Its a tricky one to master, but a few have done the dimmer mod which helps...

I tend to set it to a temp i want and leave it, maybe dropping down after first crack, lots of info in the home roasters section, which you should read, plus Davecuk is the man to ask about this machine, in fact he wrote the instructions you have!

Never roasted outside as i fitted a flu to the gene going out the window, but i can imagine the winds will cause heating issues.


----------



## froggystyle

Just to add, my first three roasts were terrible, had to dump them!

Stick with it and youll soon master the machine and have decent roasts coming out!


----------



## johnealey

Hi Matt

If you keep a close eye when you start to see the temp read out getting around the 215 mark you will see it flick from 220 to 2.1.5 then up to very briefly 2.2.0 the dots in the display indicating the measured temperature vs the set temperature. As froggystyle sais above it will then cycle dropping back to 2.1.5 or 2.1.6 and then back up to 220 then drop etc. If you time your 1 minute hold from the first time you see 2.2.0 appear before you take it up to 230 ( same when looking to hit 2.3.0).

What beans are you roasting at the moment as may be able to give you a very time, won't be exact as everyones voltages are different leading to different timings etc.

Keep at it.

John


----------



## mathof

Thanks very much. I was wondering what those dots meant. I'm roasting Columbia Yellow Bourbon Las Margaritas La Esperanza.


----------



## johnealey

Hi Matt

Not roasted that particular one but roasted a Coffee Compass Columbian Finca Santa innes Antioquia that was hitting 220 between 5m40s to 7m30s over 3 roasts a week or so apart so you may be a little out at 9 minutes on an unmodded 240v gene. The brazillian Bourbons were hitting 220 at about 7m50s to 8m20 over about but may be a slightly softer bean than its Columbian cousin.
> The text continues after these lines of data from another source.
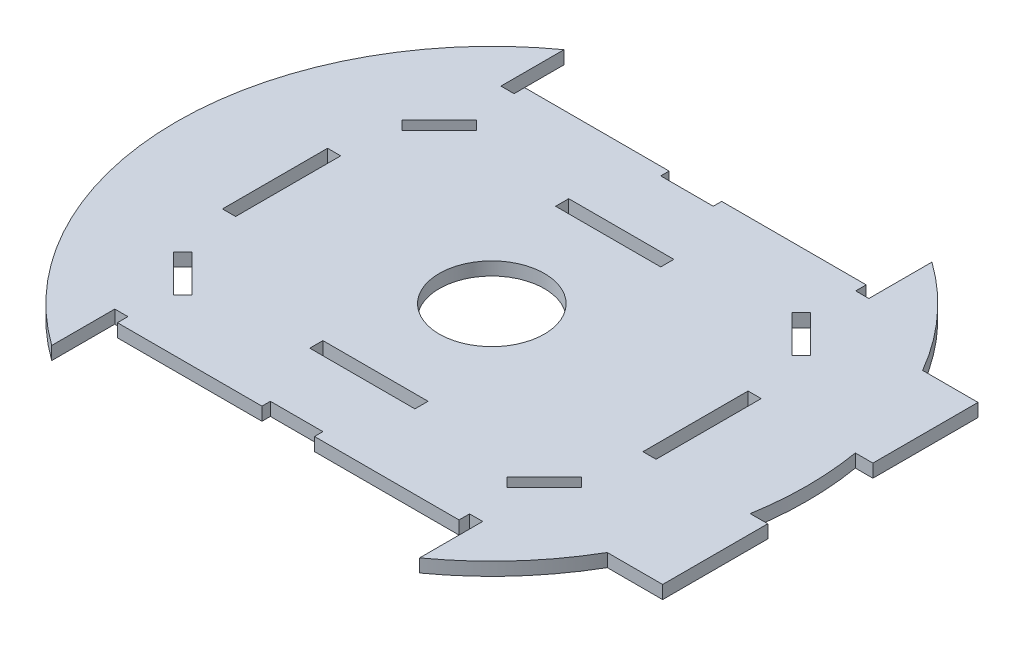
ISO-10303-21;
HEADER;
FILE_DESCRIPTION(('STEP AP214'),'2;1');
FILE_NAME('part.step','',(''),(''),'','','');
FILE_SCHEMA(('AUTOMOTIVE_DESIGN { 1 0 10303 214 1 1 1 1 }'));
ENDSEC;
DATA;
#1=APPLICATION_CONTEXT('core data for automotive mechanical design processes');
#2=APPLICATION_PROTOCOL_DEFINITION('international standard','automotive_design',2000,#1);
#3=PRODUCT_CONTEXT('',#1,'mechanical');
#4=PRODUCT('Part','Part','',(#3));
#5=PRODUCT_RELATED_PRODUCT_CATEGORY('part','',(#4));
#6=PRODUCT_DEFINITION_FORMATION('','',#4);
#7=PRODUCT_DEFINITION_CONTEXT('part definition',#1,'design');
#8=PRODUCT_DEFINITION('design','',#6,#7);
#9=PRODUCT_DEFINITION_SHAPE('','',#8);
#10=(LENGTH_UNIT() NAMED_UNIT(*) SI_UNIT(.MILLI.,.METRE.));
#11=(NAMED_UNIT(*) PLANE_ANGLE_UNIT() SI_UNIT($,.RADIAN.));
#12=(NAMED_UNIT(*) SI_UNIT($,.STERADIAN.) SOLID_ANGLE_UNIT());
#13=UNCERTAINTY_MEASURE_WITH_UNIT(LENGTH_MEASURE(1.E-05),#10,'distance_accuracy_value','');
#14=(GEOMETRIC_REPRESENTATION_CONTEXT(3) GLOBAL_UNCERTAINTY_ASSIGNED_CONTEXT((#13)) GLOBAL_UNIT_ASSIGNED_CONTEXT((#10,
#11,#12)) REPRESENTATION_CONTEXT('',''));
#15=CARTESIAN_POINT('',(0.,0.,0.));
#16=DIRECTION('',(0.,0.,1.));
#17=DIRECTION('',(1.,0.,0.));
#18=AXIS2_PLACEMENT_3D('',#15,#16,#17);
#19=CARTESIAN_POINT('',(0.,1.5875,0.));
#20=DIRECTION('',(0.,-1.,0.));
#21=DIRECTION('',(0.,0.,-1.));
#22=AXIS2_PLACEMENT_3D('',#19,#20,#21);
#23=CYLINDRICAL_SURFACE('',#22,76.2);
#24=CARTESIAN_POINT('',(0.,-1.5875,0.));
#25=DIRECTION('',(0.,1.,0.));
#26=DIRECTION('',(0.,0.,1.));
#27=AXIS2_PLACEMENT_3D('',#24,#25,#26);
#28=CIRCLE('',#27,76.2);
#29=CARTESIAN_POINT('',(75.1342132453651,-1.5875,12.7));
#30=VERTEX_POINT('',#29);
#31=CARTESIAN_POINT('',(75.1342132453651,-1.5875,-12.7));
#32=VERTEX_POINT('',#31);
#33=EDGE_CURVE('E462',#30,#32,#28,.T.);
#34=ORIENTED_EDGE('',*,*,#33,.T.);
#35=DIRECTION('',(0.,-1.,0.));
#36=VECTOR('',#35,1.);
#37=CARTESIAN_POINT('',(75.1342132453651,1.5875,-12.7));
#38=LINE('',#37,#36);
#39=CARTESIAN_POINT('',(75.1342132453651,1.5875,-12.7));
#40=VERTEX_POINT('',#39);
#41=EDGE_CURVE('E485',#32,#40,#38,.F.);
#42=ORIENTED_EDGE('',*,*,#41,.T.);
#43=CARTESIAN_POINT('',(0.,1.5875,0.));
#44=DIRECTION('',(0.,1.,0.));
#45=DIRECTION('',(0.,0.,1.));
#46=AXIS2_PLACEMENT_3D('',#43,#44,#45);
#47=CIRCLE('',#46,76.2);
#48=CARTESIAN_POINT('',(75.1342132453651,1.5875,12.7));
#49=VERTEX_POINT('',#48);
#50=EDGE_CURVE('E40',#49,#40,#47,.T.);
#51=ORIENTED_EDGE('',*,*,#50,.F.);
#52=DIRECTION('',(0.,-1.,0.));
#53=VECTOR('',#52,1.);
#54=CARTESIAN_POINT('',(75.1342132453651,1.5875,12.7));
#55=LINE('',#54,#53);
#56=EDGE_CURVE('E483',#49,#30,#55,.T.);
#57=ORIENTED_EDGE('',*,*,#56,.T.);
#58=EDGE_LOOP('',(#34,#42,#51,#57));
#59=FACE_BOUND('',#58,.T.);
#60=ADVANCED_FACE('F31',(#59),#23,.T.);
#61=CARTESIAN_POINT('',(65.9911357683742,1.5875,-38.1));
#62=VERTEX_POINT('',#61);
#63=CARTESIAN_POINT('',(44.45,1.5875,-61.8921440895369));
#64=VERTEX_POINT('',#63);
#65=EDGE_CURVE('E41',#62,#64,#47,.T.);
#66=ORIENTED_EDGE('',*,*,#65,.F.);
#67=DIRECTION('',(0.,1.,0.));
#68=VECTOR('',#67,1.);
#69=CARTESIAN_POINT('',(65.9911357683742,-1.5875,-38.1));
#70=LINE('',#69,#68);
#71=CARTESIAN_POINT('',(65.9911357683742,-1.5875,-38.1));
#72=VERTEX_POINT('',#71);
#73=EDGE_CURVE('E439',#72,#62,#70,.T.);
#74=ORIENTED_EDGE('',*,*,#73,.F.);
#75=CARTESIAN_POINT('',(44.45,-1.5875,-61.8921440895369));
#76=VERTEX_POINT('',#75);
#77=EDGE_CURVE('E452',#72,#76,#28,.T.);
#78=ORIENTED_EDGE('',*,*,#77,.T.);
#79=DIRECTION('',(0.,1.,0.));
#80=VECTOR('',#79,1.);
#81=CARTESIAN_POINT('',(44.45,-1.5875,-61.8921440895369));
#82=LINE('',#81,#80);
#83=EDGE_CURVE('E847',#76,#64,#82,.T.);
#84=ORIENTED_EDGE('',*,*,#83,.T.);
#85=EDGE_LOOP('',(#66,#74,#78,#84));
#86=FACE_BOUND('',#85,.T.);
#87=ADVANCED_FACE('F450',(#86),#23,.T.);
#88=CARTESIAN_POINT('',(0.,-1.5875,-49.1921440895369));
#89=DIRECTION('',(0.,0.,1.));
#90=DIRECTION('',(1.,0.,0.));
#91=AXIS2_PLACEMENT_3D('',#88,#89,#90);
#92=PLANE('',#91);
#93=DIRECTION('',(1.,0.,0.));
#94=VECTOR('',#93,1.);
#95=CARTESIAN_POINT('',(0.,1.5875,-49.1921440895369));
#96=LINE('',#95,#94);
#97=CARTESIAN_POINT('',(6.35,1.5875,-49.1921440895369));
#98=VERTEX_POINT('',#97);
#99=CARTESIAN_POINT('',(41.2749999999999,1.5875,-49.1921440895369));
#100=VERTEX_POINT('',#99);
#101=EDGE_CURVE('E834',#98,#100,#96,.T.);
#102=ORIENTED_EDGE('',*,*,#101,.T.);
#103=DIRECTION('',(0.,1.,0.));
#104=VECTOR('',#103,1.);
#105=CARTESIAN_POINT('',(41.2749999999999,-1.5875,-49.1921440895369));
#106=LINE('',#105,#104);
#107=CARTESIAN_POINT('',(41.2749999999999,-1.5875,-49.1921440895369));
#108=VERTEX_POINT('',#107);
#109=EDGE_CURVE('E545',#108,#100,#106,.T.);
#110=ORIENTED_EDGE('',*,*,#109,.F.);
#111=DIRECTION('',(1.,0.,0.));
#112=VECTOR('',#111,1.);
#113=CARTESIAN_POINT('',(-44.45,-1.5875,-49.1921440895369));
#114=LINE('',#113,#112);
#115=CARTESIAN_POINT('',(6.35,-1.5875,-49.1921440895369));
#116=VERTEX_POINT('',#115);
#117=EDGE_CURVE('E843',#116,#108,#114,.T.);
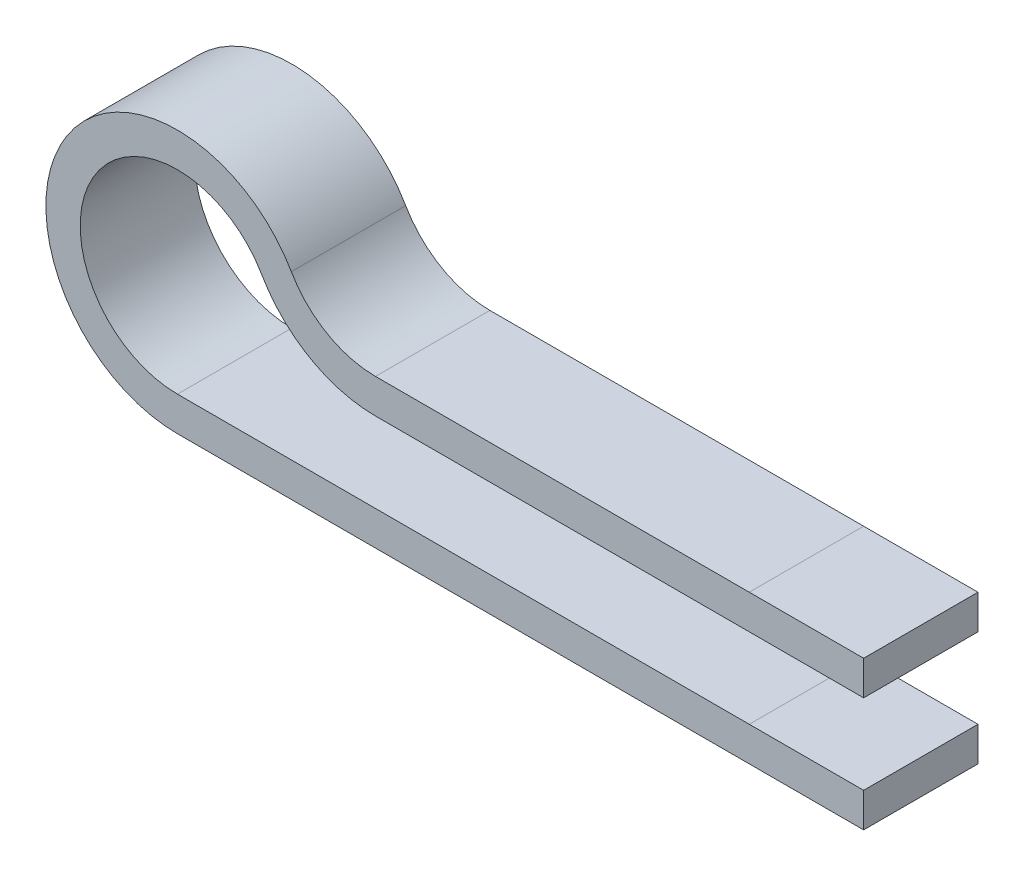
from build123d import *

# Parameters (mm, degrees)
SKETCH2_W = 5
SKETCH2_H = 1.5


with BuildPart() as part:
    # Base-Sweep: sweep along a path in Sketch1
    with BuildLine(Plane.XY) as base_sweep_path:
        Line((30, 0), (0, 0))
        ThreePointArc((0, 0), (-4.330127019, 7.5), (4.330127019, 7.5))
        ThreePointArc((4.330127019, 7.5), (6.160254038, 5.669872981), (8.660254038, 5))
        Line((8.660254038, 5), (30, 5))
    # Sketch2 → Base-Sweep (sweep)
    with BuildSketch(Plane(origin=(30, 0, 0), x_dir=(0, 0, -1), z_dir=(1, 0, 0))):
        Rectangle(SKETCH2_W, SKETCH2_H)
    sweep(path=base_sweep_path.line)


solid = part.part

Hope this of help, the daily roast thread also a very good source of time / temps etc.

John


----------



## NickR

4 degC ie 216-220degC is not going to make much difference to the beans actually temp. Read it as 220c. Why were the roasts terrible?


----------



## mathof

NickR said:


> 4 degC ie 216-220degC is not going to make much difference to the beans actually temp. Read it as 220c. Why were the roasts terrible?


I don't know. I did the roasting last night, and I'm letting the beans degas before I try them. I just want to understand the machine at this point.


----------



## froggystyle

I would go with a simple profile to start with, pick an easy bean also.

What beans do you have to roast?


----------



## mathof

I have three types of green beans here, all from Bella Barista: India Monsoon Malabar AA; Old Brown Java; Columbia Yellow Bourbon Las Margaritas La Esperanza.

I don't know if these are easy or difficult beans. And although the handbook that came with my Gene Machine outlines various profiles, it doesn't say what results to expect from each of them. So I have no basis on which to choose one profile over another.

Thanks for your interest.

Matt


----------



## froggystyle

The MM are an easy bean in terms of hearing the cracks and roasting, plus you dont have to deal with chaff..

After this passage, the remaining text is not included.